= Beginning of Section =

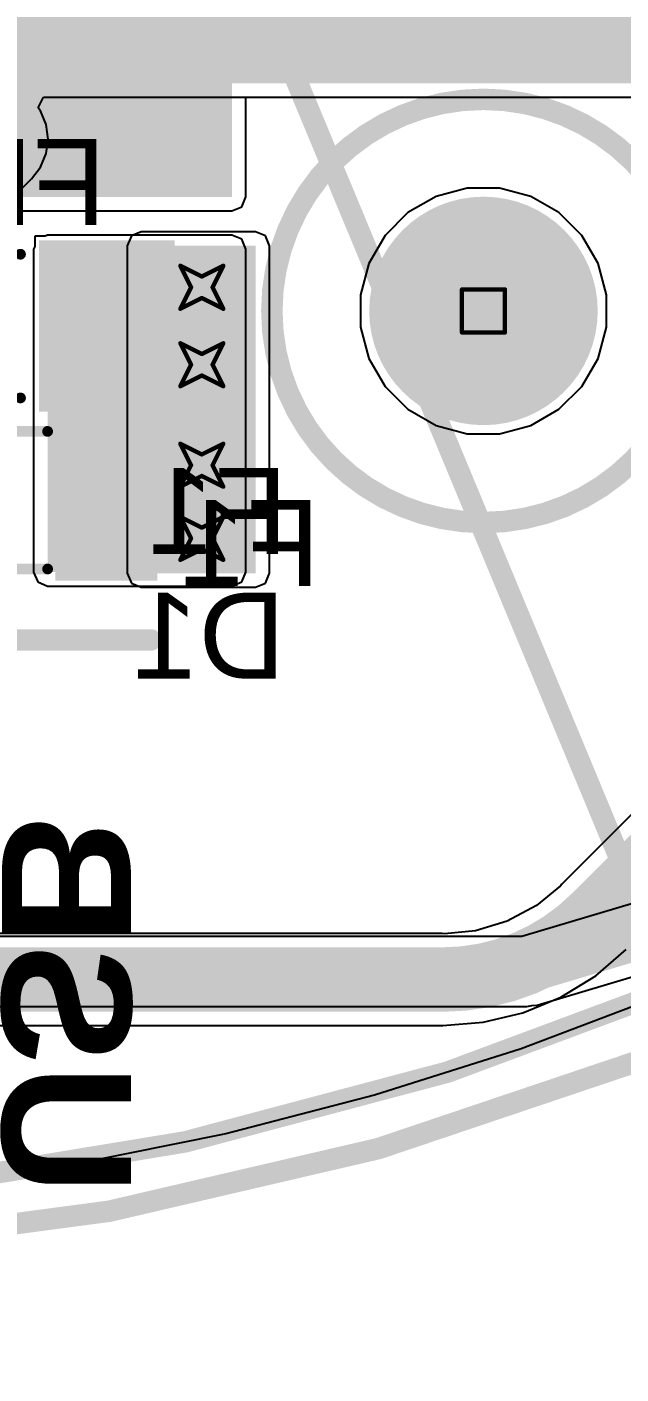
# Model space of a CAD drawing. Header units: inches. Extents: x -0.9 to 13.3, y -2.2 to 2.7.
# Drawn here: x 1.295 to 1.571, y -2.154 to -1.527 of the extents above; entities that cross this region are included whole.
import ezdxf

# ---------------------------------------------------------------- set-up
doc = ezdxf.new("R2010")
doc.units = ezdxf.units.IN
doc.header["$MEASUREMENT"] = 0
for name, color, linetype in [('Board Outline', 216, 'Continuous'), ('Bottom Layer', 5, 'Continuous'), ('Bottom Overlay', 54, 'Continuous'), ('Bottom Paste', 16, 'Continuous'), ('Bottom Solder', 6, 'Continuous'), ('Dimension', 6, 'Continuous'), ('Drill Drawing', 1, 'Continuous'), ('Multi-Layer', 9, 'Continuous'), ('Pad Holes', 156, 'Continuous'), ('Top Layer', 1, 'Continuous'), ('Top Solder', 216, 'Continuous'), ('Via Holes', 16, 'Continuous')]:
    doc.layers.add(name, color=color, linetype=linetype)
doc.styles.add('Arial', font='', dxfattribs={"height": 0.2})
doc.styles.add('Arial_Bold', font='', dxfattribs={"height": 0.2})
doc.styles.get('Arial').set_extended_font_data('Arial')
doc.styles.get('Arial_Bold').set_extended_font_data('Arial', bold=True)

# ---------------------------------------------------------------- blocks, each defined once
blk = doc.blocks.new('IND_1206_B_104')
at = {"layer": 'Bottom Layer'}
for points in [[(-0.0811, 0.03583), (-0.02598, 0.03583), (-0.02598, -0.03583), (-0.0811, -0.03583)], [(0.02598, 0.03583), (0.0811, 0.03583), (0.0811, -0.03583), (0.02598, -0.03583)]]:
    blk.add_hatch(color=5, dxfattribs=at).paths.add_polyline_path(points)
at = {"layer": 'Bottom Paste'}
for points in [[(-0.0811, 0.03583), (-0.02598, 0.03583), (-0.02598, -0.03583), (-0.0811, -0.03583)], [(0.02598, 0.03583), (0.0811, 0.03583), (0.0811, -0.03583), (0.02598, -0.03583)]]:
    blk.add_hatch(color=16, dxfattribs=at).paths.add_polyline_path(points)
at = {"layer": 'Bottom Solder'}
for points in [[(-0.0851, 0.03983), (-0.02198, 0.03983), (-0.02198, -0.03983), (-0.0851, -0.03983)], [(0.02198, 0.03983), (0.0851, 0.03983), (0.0851, -0.03983), (0.02198, -0.03983)]]:
    blk.add_hatch(color=6, dxfattribs=at).paths.add_polyline_path(points)
at = {"layer": 'Bottom Overlay'}
for points in [[(0.01339, 0.03343, 0.005, 0.005, 0), (-0.01339, 0.03343, 0.005, 0.005, 0)], [(0.01339, -0.03343, 0.005, 0.005, 0), (-0.01339, -0.03343, 0.005, 0.005, 0)]]:
    blk.add_lwpolyline(points, format="xyseb", dxfattribs=at)
for points in [[(-0.01464, 0.03343, 0.0025, 0.0025, 1), (-0.01214, 0.03343, 0.0025, 0.0025, 1)], [(0.01214, 0.03343, 0.0025, 0.0025, 1), (0.01464, 0.03343, 0.0025, 0.0025, 1)], [(-0.01464, -0.03343, 0.0025, 0.0025, 1), (-0.01214, -0.03343, 0.0025, 0.0025, 1)], [(0.01214, -0.03343, 0.0025, 0.0025, 1), (0.01464, -0.03343, 0.0025, 0.0025, 1)]]:
    blk.add_lwpolyline(points, format="xyseb", close=True, dxfattribs=at)
blk = doc.blocks.new('F____0805_B_105')
at = {"layer": 'Bottom Layer'}
for points in [[(-0.02362, -0.03346), (-0.06299, -0.03346), (-0.06299, 0.03346), (-0.02362, 0.03346)], [(0.06299, -0.03346), (0.02362, -0.03346), (0.02362, 0.03346), (0.06299, 0.03346)]]:
    blk.add_hatch(color=5, dxfattribs=at).paths.add_polyline_path(points)
at = {"layer": 'Bottom Paste'}
for points in [[(-0.02362, -0.03346), (-0.06299, -0.03346), (-0.06299, 0.03346), (-0.02362, 0.03346)], [(0.06299, -0.03346), (0.02362, -0.03346), (0.02362, 0.03346), (0.06299, 0.03346)]]:
    blk.add_hatch(color=16, dxfattribs=at).paths.add_polyline_path(points)
at = {"layer": 'Bottom Solder'}
for points in [[(-0.01962, -0.03746), (-0.06699, -0.03746), (-0.06699, 0.03746), (-0.01962, 0.03746)], [(0.06699, -0.03746), (0.01962, -0.03746), (0.01962, 0.03746), (0.06699, 0.03746)]]:
    blk.add_hatch(color=6, dxfattribs=at).paths.add_polyline_path(points)
at = {"layer": 'Bottom Overlay'}
for points in [[(-0.016, 0.032, 0.005, 0.005, 0), (0.016, 0.032, 0.005, 0.005, 0)], [(-0.016, -0.032, 0.005, 0.005, 0), (0.016, -0.032, 0.005, 0.005, 0)]]:
    blk.add_lwpolyline(points, format="xyseb", dxfattribs=at)
for points in [[(-0.01725, 0.032, 0.0025, 0.0025, 1), (-0.01475, 0.032, 0.0025, 0.0025, 1)], [(0.01475, 0.032, 0.0025, 0.0025, 1), (0.01725, 0.032, 0.0025, 0.0025, 1)], [(-0.01725, -0.032, 0.0025, 0.0025, 1), (-0.01475, -0.032, 0.0025, 0.0025, 1)], [(0.01475, -0.032, 0.0025, 0.0025, 1), (0.01725, -0.032, 0.0025, 0.0025, 1)]]:
    blk.add_lwpolyline(points, format="xyseb", close=True, dxfattribs=at)
at = {"layer": 'Bottom Overlay', "style": 'Arial', "text_generation_flag": 2}
blk.add_text('F1', height=0.04, dxfattribs=at).set_placement((0.12772, -0.02495))

msp = doc.modelspace()

# ---------------------------------------------------------------- hatches: boundary and pattern name
at = {"layer": 'Bottom Layer'}
for points in [[(1.26105, -1.606), (1.39, -1.606), (1.39, -1.51079), (1.26105, -1.51079)], [(1.26105, -1.55305), (1.72439, -1.55305), (1.72439, -1.51079), (1.26105, -1.51079)], [(1.30426, -1.78051), (1.39, -1.78051), (1.39, -1.63022), (1.30426, -1.63022)]]:
    msp.add_hatch(color=5, dxfattribs=at).paths.add_polyline_path(points)
h = msp.add_hatch(color=5, dxfattribs=at)
edge = h.paths.add_edge_path()
edge.add_arc((1.507, -1.659), 0.05118, 0, 360)
h = msp.add_hatch(color=5, dxfattribs=at)
edge = h.paths.add_edge_path()
edge.add_arc((1.376, -1.648), 0.01181, 0, 360)
h = msp.add_hatch(color=5, dxfattribs=at)
edge = h.paths.add_edge_path()
edge.add_arc((1.376, -1.68404), 0.01181, 0, 360)
h = msp.add_hatch(color=5, dxfattribs=at)
edge = h.paths.add_edge_path()
edge.add_arc((1.376, -1.73076), 0.01181, 0, 360)
h = msp.add_hatch(color=5, dxfattribs=at)
edge = h.paths.add_edge_path()
edge.add_arc((1.376, -1.7648), 0.01181, 0, 360)
at = {"layer": 'Bottom Solder'}
h = msp.add_hatch(color=6, dxfattribs=at)
edge = h.paths.add_edge_path()
edge.add_arc((1.507, -1.659), 0.05315, 0, 360)
at = {"layer": 'Multi-Layer'}
h = msp.add_hatch(color=9, dxfattribs=at)
edge = h.paths.add_edge_path()
edge.add_arc((1.507, -1.659), 0.05118, 0, 360)
at = {"layer": 'Pad Holes'}
h = msp.add_hatch(color=7, dxfattribs=at)
edge = h.paths.add_edge_path()
edge.add_arc((1.507, -1.659), 0.04134, 0, 360)
at = {"layer": 'Top Layer'}
for points in [[(1.07808, -1.55305), (1.64428, -1.55305), (1.64428, -1.49905), (1.07808, -1.49905)], [(1.401, -1.78104), (1.401, -1.62864), (1.34784, -1.62864), (1.34784, -1.78104)]]:
    msp.add_hatch(color=1, dxfattribs=at).paths.add_polyline_path(points)
h = msp.add_hatch(color=1, dxfattribs=at)
edge = h.paths.add_edge_path()
edge.add_arc((1.507, -1.659), 0.05118, 0, 360)
h = msp.add_hatch(color=1, dxfattribs=at)
edge = h.paths.add_edge_path()
edge.add_arc((1.376, -1.648), 0.01181, 0, 360)
h = msp.add_hatch(color=1, dxfattribs=at)
edge = h.paths.add_edge_path()
edge.add_arc((1.376, -1.68404), 0.01181, 0, 360)
h = msp.add_hatch(color=1, dxfattribs=at)
edge = h.paths.add_edge_path()
edge.add_arc((1.376, -1.73076), 0.01181, 0, 360)
h = msp.add_hatch(color=1, dxfattribs=at)
edge = h.paths.add_edge_path()
edge.add_arc((1.376, -1.7648), 0.01181, 0, 360)
at = {"layer": 'Top Solder'}
h = msp.add_hatch(color=216, dxfattribs=at)
edge = h.paths.add_edge_path()
edge.add_arc((1.507, -1.659), 0.05315, 0, 360)
at = {"layer": 'Via Holes'}
h = msp.add_hatch(color=7, dxfattribs=at)
edge = h.paths.add_edge_path()
edge.add_arc((1.376, -1.648), 0.00591, 0, 360)
h = msp.add_hatch(color=7, dxfattribs=at)
edge = h.paths.add_edge_path()
edge.add_arc((1.376, -1.68404), 0.00591, 0, 360)
h = msp.add_hatch(color=7, dxfattribs=at)
edge = h.paths.add_edge_path()
edge.add_arc((1.376, -1.73076), 0.00591, 0, 360)
h = msp.add_hatch(color=7, dxfattribs=at)
edge = h.paths.add_edge_path()
edge.add_arc((1.376, -1.7648), 0.00591, 0, 360)

# ---------------------------------------------------------------- linework, layer by layer
at = {"layer": 'Board Outline'}
msp.add_lwpolyline([(1.99867, 0.21567, 0.01, 0.01, -1.122171), (-0.01159, -1.51329, 0.01, 0.01, 0)], format="xyseb", dxfattribs=at)
for points in [[(1.60543, -1.659, 0.01, 0.01, 1), (1.40857, -1.659, 0.01, 0.01, 1)], [(1.40607, -1.659, 0.005, 0.005, 1), (1.41107, -1.659, 0.005, 0.005, 1)]]:
    msp.add_lwpolyline(points, format="xyseb", close=True, dxfattribs=at)
at = {"layer": 'Bottom Layer'}
for p, q in [((1.39649, -1.606), (1.39649, -1.55954)), ((1.39649, -1.55954), (1.67805, -1.55954)), ((1.49947, -1.60182), (1.48493, -1.60572)), ((1.51453, -1.60182), (1.49947, -1.60182)), ((1.52907, -1.60572), (1.51453, -1.60182)), ((1.39459, -1.61059), (1.39649, -1.606)), ((1.48493, -1.60572), (1.47189, -1.61324)), ((1.54211, -1.61324), (1.52907, -1.60572)), ((1.26105, -1.61249), (1.39, -1.61249)), ((1.39, -1.61249), (1.39459, -1.61059)), ((1.47189, -1.61324), (1.46124, -1.62389)), ((1.55276, -1.62389), (1.54211, -1.61324)), ((1.29826, -1.62903), (1.29777, -1.63022)), ((1.30307, -1.62422), (1.29826, -1.62422)), ((1.29826, -1.62422), (1.29826, -1.62903)), ((1.30426, -1.62373), (1.30307, -1.62422)), ((1.39, -1.62373), (1.30426, -1.62373)), ((1.39459, -1.62563), (1.39, -1.62373)), ((1.39649, -1.63022), (1.39459, -1.62563)), ((1.46124, -1.62389), (1.45372, -1.63693)), ((1.56028, -1.63693), (1.55276, -1.62389)), ((1.29777, -1.63022), (1.29777, -1.78051)), ((1.39649, -1.78051), (1.39649, -1.63022)), ((1.45372, -1.63693), (1.44982, -1.65147)), ((1.83285, -1.6362), (1.54343, -1.92562)), ((1.56418, -1.65147), (1.56028, -1.63693)), ((1.44982, -1.65147), (1.44982, -1.66653)), ((1.56418, -1.66653), (1.56418, -1.65147)), ((1.44982, -1.66653), (1.45372, -1.68107)), ((1.56028, -1.68107), (1.56418, -1.66653)), ((1.45372, -1.68107), (1.46124, -1.69411)), ((1.55276, -1.69411), (1.56028, -1.68107)), ((1.46124, -1.69411), (1.47189, -1.70476)), ((1.54211, -1.70476), (1.55276, -1.69411)), ((1.47189, -1.70476), (1.48493, -1.71228)), ((1.52907, -1.71228), (1.54211, -1.70476)), ((1.48493, -1.71228), (1.49947, -1.71618)), ((1.49947, -1.71618), (1.51453, -1.71618)), ((1.51453, -1.71618), (1.52907, -1.71228)), ((1.29777, -1.78051), (1.29967, -1.7851)), ((1.29967, -1.7851), (1.30426, -1.78701)), ((1.39, -1.78701), (1.39459, -1.7851)), ((1.39459, -1.7851), (1.39649, -1.78051)), ((1.30426, -1.78701), (1.39, -1.78701)), ((1.54287, -1.92645), (1.53168, -1.93563)), ((1.54343, -1.92562), (1.54287, -1.92645)), ((1.53168, -1.93563), (1.51804, -1.94292)), ((1.48786, -1.94864), (0.96142, -1.94864)), ((1.48884, -1.94883), (1.48786, -1.94864)), ((1.50325, -1.94741), (1.48884, -1.94883)), ((1.51804, -1.94292), (1.50325, -1.94741)), ((1.5592, -1.96824), (1.57345, -1.95607)), ((1.54296, -1.97819), (1.5592, -1.96824)), ((1.59136, -1.97683), (1.52449, -2.00221)), ((1.52536, -1.98548), (1.54296, -1.97819)), ((1.50684, -1.98993), (1.52536, -1.98548)), ((0.96142, -1.99146), (1.48786, -1.99146)), ((1.48786, -1.99146), (1.48817, -1.9914)), ((1.48817, -1.9914), (1.50684, -1.98993)), ((1.52449, -2.00221), (1.45635, -2.0239)), ((1.45635, -2.0239), (1.38712, -2.04185)), ((1.38712, -2.04185), (1.31702, -2.05599)), ((1.31702, -2.05599), (1.29173, -2.05967))]:
    msp.add_line(p, q, dxfattribs=at)
for points in [[(1.55857, -1.94076, 0.03, 0.03, 0), (1.84799, -1.65134, 0.03, 0.03, 0)], [(1.33159, -1.66605, 0.04, 0.04, 0), (1.33182, -1.66628, 0.04, 0.04, 0)], [(1.55857, -1.94076, 0.03, 0.03, -0.198912), (1.48786, -1.97005, 0.03, 0.03, 0)], [(0.96142, -1.97005, 0.03, 0.03, 0), (1.48786, -1.97005, 0.03, 0.03, 0)]]:
    msp.add_lwpolyline(points, format="xyseb", dxfattribs=at)
for points in [[(1.32159, -1.66605, 0.02, 0.02, 1), (1.34159, -1.66605, 0.02, 0.02, 1)], [(1.32182, -1.66628, 0.02, 0.02, 1), (1.34182, -1.66628, 0.02, 0.02, 1)], [(1.55107, -1.94076, 0.015, 0.015, 1), (1.56607, -1.94076, 0.015, 0.015, 1)], [(1.55107, -1.94076, 0.015, 0.015, 1), (1.56607, -1.94076, 0.015, 0.015, 1)], [(1.48036, -1.97005, 0.015, 0.015, 1), (1.49536, -1.97005, 0.015, 0.015, 1)], [(1.48036, -1.97005, 0.015, 0.015, 1), (1.49536, -1.97005, 0.015, 0.015, 1)]]:
    msp.add_lwpolyline(points, format="xyseb", close=True, dxfattribs=at)
at = {"layer": 'Bottom Overlay'}
msp.add_lwpolyline([(1.26336, -1.81205, 0.01, 0.01, 0), (1.35228, -1.81205, 0.01, 0.01, 0)], format="xyseb", dxfattribs=at)
msp.add_lwpolyline([(1.34978, -1.81205, 0.005, 0.005, 1), (1.35478, -1.81205, 0.005, 0.005, 1)], format="xyseb", close=True, dxfattribs=at)
at = {"layer": 'Dimension'}
for points in [[(0.04081, 0.0156, 0.01, 0.01, -3.064051), (0.02964, -1.5299, 0.01, 0.01, 0)], [(1.09299, -0.7648, 0.01, 0.01, 0), (1.66799, -2.14857, 0.01, 0.01, 0)]]:
    msp.add_lwpolyline(points, format="xyseb", dxfattribs=at)
at = {"layer": 'Drill Drawing'}
for points in [[(1.366, -1.638, 0.002, 0.002, 0), (1.376, -1.643, 0.002, 0.002, 0)], [(1.366, -1.638, 0.002, 0.002, 0), (1.371, -1.648, 0.002, 0.002, 0)], [(1.376, -1.643, 0.002, 0.002, 0), (1.386, -1.638, 0.002, 0.002, 0)], [(1.381, -1.648, 0.002, 0.002, 0), (1.386, -1.638, 0.002, 0.002, 0)], [(1.366, -1.658, 0.002, 0.002, 0), (1.371, -1.648, 0.002, 0.002, 0)], [(1.381, -1.648, 0.002, 0.002, 0), (1.386, -1.658, 0.002, 0.002, 0)], [(1.497, -1.649, 0.002, 0.002, 0), (1.517, -1.649, 0.002, 0.002, 0)], [(1.497, -1.669, 0.002, 0.002, 0), (1.497, -1.649, 0.002, 0.002, 0)], [(1.517, -1.669, 0.002, 0.002, 0), (1.517, -1.649, 0.002, 0.002, 0)], [(1.366, -1.658, 0.002, 0.002, 0), (1.376, -1.653, 0.002, 0.002, 0)], [(1.376, -1.653, 0.002, 0.002, 0), (1.386, -1.658, 0.002, 0.002, 0)], [(1.366, -1.67404, 0.002, 0.002, 0), (1.376, -1.67904, 0.002, 0.002, 0)], [(1.366, -1.67404, 0.002, 0.002, 0), (1.371, -1.68404, 0.002, 0.002, 0)], [(1.376, -1.67904, 0.002, 0.002, 0), (1.386, -1.67404, 0.002, 0.002, 0)], [(1.381, -1.68404, 0.002, 0.002, 0), (1.386, -1.67404, 0.002, 0.002, 0)], [(1.497, -1.669, 0.002, 0.002, 0), (1.517, -1.669, 0.002, 0.002, 0)], [(1.366, -1.69404, 0.002, 0.002, 0), (1.371, -1.68404, 0.002, 0.002, 0)], [(1.381, -1.68404, 0.002, 0.002, 0), (1.386, -1.69404, 0.002, 0.002, 0)], [(1.366, -1.69404, 0.002, 0.002, 0), (1.376, -1.68904, 0.002, 0.002, 0)], [(1.376, -1.68904, 0.002, 0.002, 0), (1.386, -1.69404, 0.002, 0.002, 0)], [(1.366, -1.72076, 0.002, 0.002, 0), (1.376, -1.72576, 0.002, 0.002, 0)], [(1.366, -1.72076, 0.002, 0.002, 0), (1.371, -1.73076, 0.002, 0.002, 0)], [(1.376, -1.72576, 0.002, 0.002, 0), (1.386, -1.72076, 0.002, 0.002, 0)], [(1.381, -1.73076, 0.002, 0.002, 0), (1.386, -1.72076, 0.002, 0.002, 0)], [(1.366, -1.74076, 0.002, 0.002, 0), (1.371, -1.73076, 0.002, 0.002, 0)], [(1.366, -1.74076, 0.002, 0.002, 0), (1.376, -1.73576, 0.002, 0.002, 0)], [(1.376, -1.73576, 0.002, 0.002, 0), (1.386, -1.74076, 0.002, 0.002, 0)], [(1.381, -1.73076, 0.002, 0.002, 0), (1.386, -1.74076, 0.002, 0.002, 0)], [(1.366, -1.7548, 0.002, 0.002, 0), (1.376, -1.7598, 0.002, 0.002, 0)], [(1.366, -1.7548, 0.002, 0.002, 0), (1.371, -1.7648, 0.002, 0.002, 0)], [(1.376, -1.7598, 0.002, 0.002, 0), (1.386, -1.7548, 0.002, 0.002, 0)], [(1.381, -1.7648, 0.002, 0.002, 0), (1.386, -1.7548, 0.002, 0.002, 0)], [(1.366, -1.7748, 0.002, 0.002, 0), (1.371, -1.7648, 0.002, 0.002, 0)], [(1.381, -1.7648, 0.002, 0.002, 0), (1.386, -1.7748, 0.002, 0.002, 0)], [(1.366, -1.7748, 0.002, 0.002, 0), (1.376, -1.7698, 0.002, 0.002, 0)], [(1.376, -1.7698, 0.002, 0.002, 0), (1.386, -1.7748, 0.002, 0.002, 0)]]:
    msp.add_lwpolyline(points, format="xyseb", dxfattribs=at)
for points in [[(1.3655, -1.638, 0.001, 0.001, 1), (1.3665, -1.638, 0.001, 0.001, 1)], [(1.3655, -1.638, 0.001, 0.001, 1), (1.3665, -1.638, 0.001, 0.001, 1)], [(1.3855, -1.638, 0.001, 0.001, 1), (1.3865, -1.638, 0.001, 0.001, 1)], [(1.3855, -1.638, 0.001, 0.001, 1), (1.3865, -1.638, 0.001, 0.001, 1)], [(1.3705, -1.648, 0.001, 0.001, 1), (1.3715, -1.648, 0.001, 0.001, 1)], [(1.3705, -1.648, 0.001, 0.001, 1), (1.3715, -1.648, 0.001, 0.001, 1)], [(1.3755, -1.643, 0.001, 0.001, 1), (1.3765, -1.643, 0.001, 0.001, 1)], [(1.3755, -1.643, 0.001, 0.001, 1), (1.3765, -1.643, 0.001, 0.001, 1)], [(1.3805, -1.648, 0.001, 0.001, 1), (1.3815, -1.648, 0.001, 0.001, 1)], [(1.3805, -1.648, 0.001, 0.001, 1), (1.3815, -1.648, 0.001, 0.001, 1)], [(1.4965, -1.649, 0.001, 0.001, 1), (1.4975, -1.649, 0.001, 0.001, 1)], [(1.4965, -1.649, 0.001, 0.001, 1), (1.4975, -1.649, 0.001, 0.001, 1)], [(1.5165, -1.649, 0.001, 0.001, 1), (1.5175, -1.649, 0.001, 0.001, 1)], [(1.5165, -1.649, 0.001, 0.001, 1), (1.5175, -1.649, 0.001, 0.001, 1)], [(1.3755, -1.653, 0.001, 0.001, 1), (1.3765, -1.653, 0.001, 0.001, 1)], [(1.3755, -1.653, 0.001, 0.001, 1), (1.3765, -1.653, 0.001, 0.001, 1)], [(1.3655, -1.658, 0.001, 0.001, 1), (1.3665, -1.658, 0.001, 0.001, 1)], [(1.3655, -1.658, 0.001, 0.001, 1), (1.3665, -1.658, 0.001, 0.001, 1)], [(1.3855, -1.658, 0.001, 0.001, 1), (1.3865, -1.658, 0.001, 0.001, 1)], [(1.3855, -1.658, 0.001, 0.001, 1), (1.3865, -1.658, 0.001, 0.001, 1)], [(1.3655, -1.67404, 0.001, 0.001, 1), (1.3665, -1.67404, 0.001, 0.001, 1)], [(1.3655, -1.67404, 0.001, 0.001, 1), (1.3665, -1.67404, 0.001, 0.001, 1)], [(1.3855, -1.67404, 0.001, 0.001, 1), (1.3865, -1.67404, 0.001, 0.001, 1)], [(1.3855, -1.67404, 0.001, 0.001, 1), (1.3865, -1.67404, 0.001, 0.001, 1)], [(1.4965, -1.669, 0.001, 0.001, 1), (1.4975, -1.669, 0.001, 0.001, 1)], [(1.4965, -1.669, 0.001, 0.001, 1), (1.4975, -1.669, 0.001, 0.001, 1)], [(1.5165, -1.669, 0.001, 0.001, 1), (1.5175, -1.669, 0.001, 0.001, 1)], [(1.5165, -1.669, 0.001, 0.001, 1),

= End of Section =

• **Exercise aim**
Search the material above for the word "units", and return each line that holds it.

• **Exercise result**
# Model space of a CAD drawing. Header units: inches. Extents: x -0.9 to 13.3, y -2.2 to 2.7.
doc.units = ezdxf.units.IN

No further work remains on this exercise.